Ganz anders bei dem Gefreiten Adolf Hitler. Nach seinen eigenen Angaben verlief seine Wiederherstellung nicht, wie es nach der Erfahrung bei anderen Verwundeten der Fall war. Nach der öffentlichen Bekanntgabe des Lazarettgeistlichen von der Niederlage Deutschlands erblindete Hitler von neuem. Er schrieb darüber:

»Während es mir um die Augen wieder schwarz ward, tastete und taumelte ich wieder zum Schlafsaal zurück, warf mich auf mein Lager und grub den brennenden Kopf in Decke und Kissen.«14

Nach Hitlers Angaben dauerte die Krise nach dem 11.11.1918 einige Tage fort. Es stellt sich die Frage: Warum wirkte das Gelbkreuzgas bei Hitler zunächst nervenanregend? Weshalb erblindete Adolf Hitler wieder bei der Nachricht von der deutschen Niederlage und warum konnte er plötzlich wieder sehen mit dem Auftrag, Deutschland zu erlösen? Wie entstand in Hitler die ungeheure Vorstellung, die Juden seien Deutschlands Verderben, so dass er in einem anhaltenden fanatischen Hass verharrte?

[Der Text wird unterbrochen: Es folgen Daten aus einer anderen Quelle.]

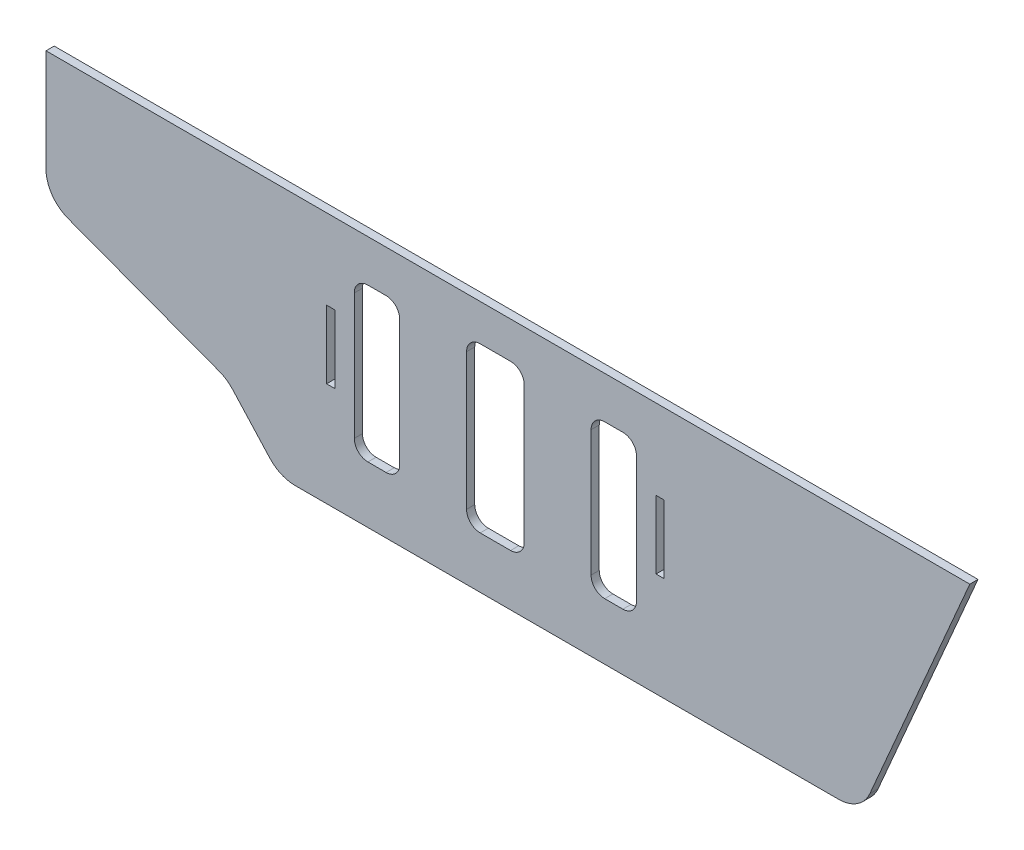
from build123d import *

# Parameters (mm, degrees)
SKETCH1_W           = 1.524
SKETCH1_H           = 12.7
BOSS_EXTRUDE1_DEPTH = 1.524


with BuildPart() as part:
    # Sketch1 → Boss-Extrude1 (new body)
    with BuildSketch(Plane.XY):
        with BuildLine():
            Line((-115.235325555, 38.553033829), (56.968580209, 38.553033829))
            Line((56.968580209, 38.553033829), (38.335766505, -4.582258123))
            ThreePointArc((38.335766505, -4.582258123), (35.994406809, -7.370418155), (32.506376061, -8.41418206))
            Line((32.506376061, -8.41418206), (-68.823962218, -8.41418206))
            ThreePointArc((-68.823962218, -8.41418206), (-71.390285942, -7.872493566), (-73.518767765, -6.339845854))
            Line((-73.518767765, -6.339845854), (-80.461176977, 1.283125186))
            ThreePointArc((-80.461176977, 1.283125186), (-81.594463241, 2.264654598), (-82.926282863, 2.953126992))
            Line((-82.926282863, 2.953126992), (-111.115025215, 13.524261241))
            ThreePointArc((-111.115025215, 13.524261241), (-114.104573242, 15.853028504), (-115.235325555, 19.469926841))
            Line((-115.235325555, 19.469926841), (-115.235325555, 38.553033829))
        make_face()
        with Locations((-62.170947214, 17.292097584)):
            Rectangle(SKETCH1_W, SKETCH1_H, mode=Mode.SUBTRACT)
        with Locations((-0.762, 17.292097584)):
            Rectangle(SKETCH1_W, SKETCH1_H, mode=Mode.SUBTRACT)
        with BuildLine():
            Line((-55.23379038, 30.724521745), (-51.840376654, 30.724521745))
            ThreePointArc((-51.840376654, 30.724521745), (-50.04432543, 29.980572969), (-49.300376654, 28.184521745))
            Line((-49.300376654, 28.184521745), (-49.300376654, 4.717187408))
            ThreePointArc((-49.300376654, 4.717187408), (-50.04432543, 2.921136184), (-51.840376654, 2.177187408))
            Line((-51.840376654, 2.177187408), (-55.23379038, 2.177187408))
            ThreePointArc((-55.23379038, 2.177187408), (-57.029841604, 2.921136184), (-57.77379038, 4.717187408))
            Line((-57.77379038, 4.717187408), (-57.77379038, 28.184521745))
            ThreePointArc((-57.77379038, 28.184521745), (-57.029841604, 29.980572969), (-55.23379038, 30.724521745))
        make_face(mode=Mode.SUBTRACT)
        with BuildLine():
            Line((-13.632570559, 28.184521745), (-13.632570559, 4.717187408))
            ThreePointArc((-13.632570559, 4.717187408), (-12.888621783, 2.921136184), (-11.092570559, 2.177187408))
            Line((-11.092570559, 2.177187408), (-7.699156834, 2.177187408))
            ThreePointArc((-7.699156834, 2.177187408), (-5.90310561, 2.921136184), (-5.159156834, 4.717187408))
            Line((-5.159156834, 4.717187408), (-5.159156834, 28.184521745))
            ThreePointArc((-5.159156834, 28.184521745), (-5.90310561, 29.980572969), (-7.699156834, 30.724521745))
            Line((-7.699156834, 30.724521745), (-11.092570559, 30.724521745))
            ThreePointArc((-11.092570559, 30.724521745), (-12.888621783, 29.980572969), (-13.632570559, 28.184521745))
        make_face(mode=Mode.SUBTRACT)
        with BuildLine():
            Line((-34.302835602, 1.185758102), (-28.630111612, 1.185758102))
            ThreePointArc((-28.630111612, 1.185758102), (-26.834060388, 1.929706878), (-26.090111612, 3.725758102))
            Line((-26.090111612, 3.725758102), (-26.090111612, 29.175951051))
            ThreePointArc((-26.090111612, 29.175951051), (-26.834060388, 30.972002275), (-28.630111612, 31.715951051))
            Line((-28.630111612, 31.715951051), (-34.302835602, 31.715951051))
            ThreePointArc((-34.302835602, 31.715951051), (-36.098886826, 30.972002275), (-36.842835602, 29.175951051))
            Line((-36.842835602, 29.175951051), (-36.842835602, 3.725758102))
            ThreePointArc((-36.842835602, 3.725758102), (-36.098886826, 1.929706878), (-34.302835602, 1.185758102))
        make_face(mode=Mode.SUBTRACT)
    extrude(amount=BOSS_EXTRUDE1_DEPTH)


solid = part.part

Die oft zitierte Stelle aus dem Buch »Mein Kampf« wird meist verstümmelt wiedergegeben. Wir lesen in seinem Werk:

»Mit den Juden gibt es kein Paktieren, sondern nur das harte Entweder-Oder. Ich aber beschloss, Politiker zu werden.«15

Der erste Satz ist von dem zweiten nicht zu trennen.

Hitlers krankhafte Veränderung in geistlich-seelischen Reaktionen lässt sich am deutlichsten aus der Halluzination herauslesen, die einen zweitägigen Anfall tödlichen Trübsinns beendete. Die verschiedenartigen Schilderungen seiner übersinnlichen Anfälle beruhten jeweils auf Äußerungen, die er oder andere über ihn in den frühen Zwanzigerjahren gemacht haben.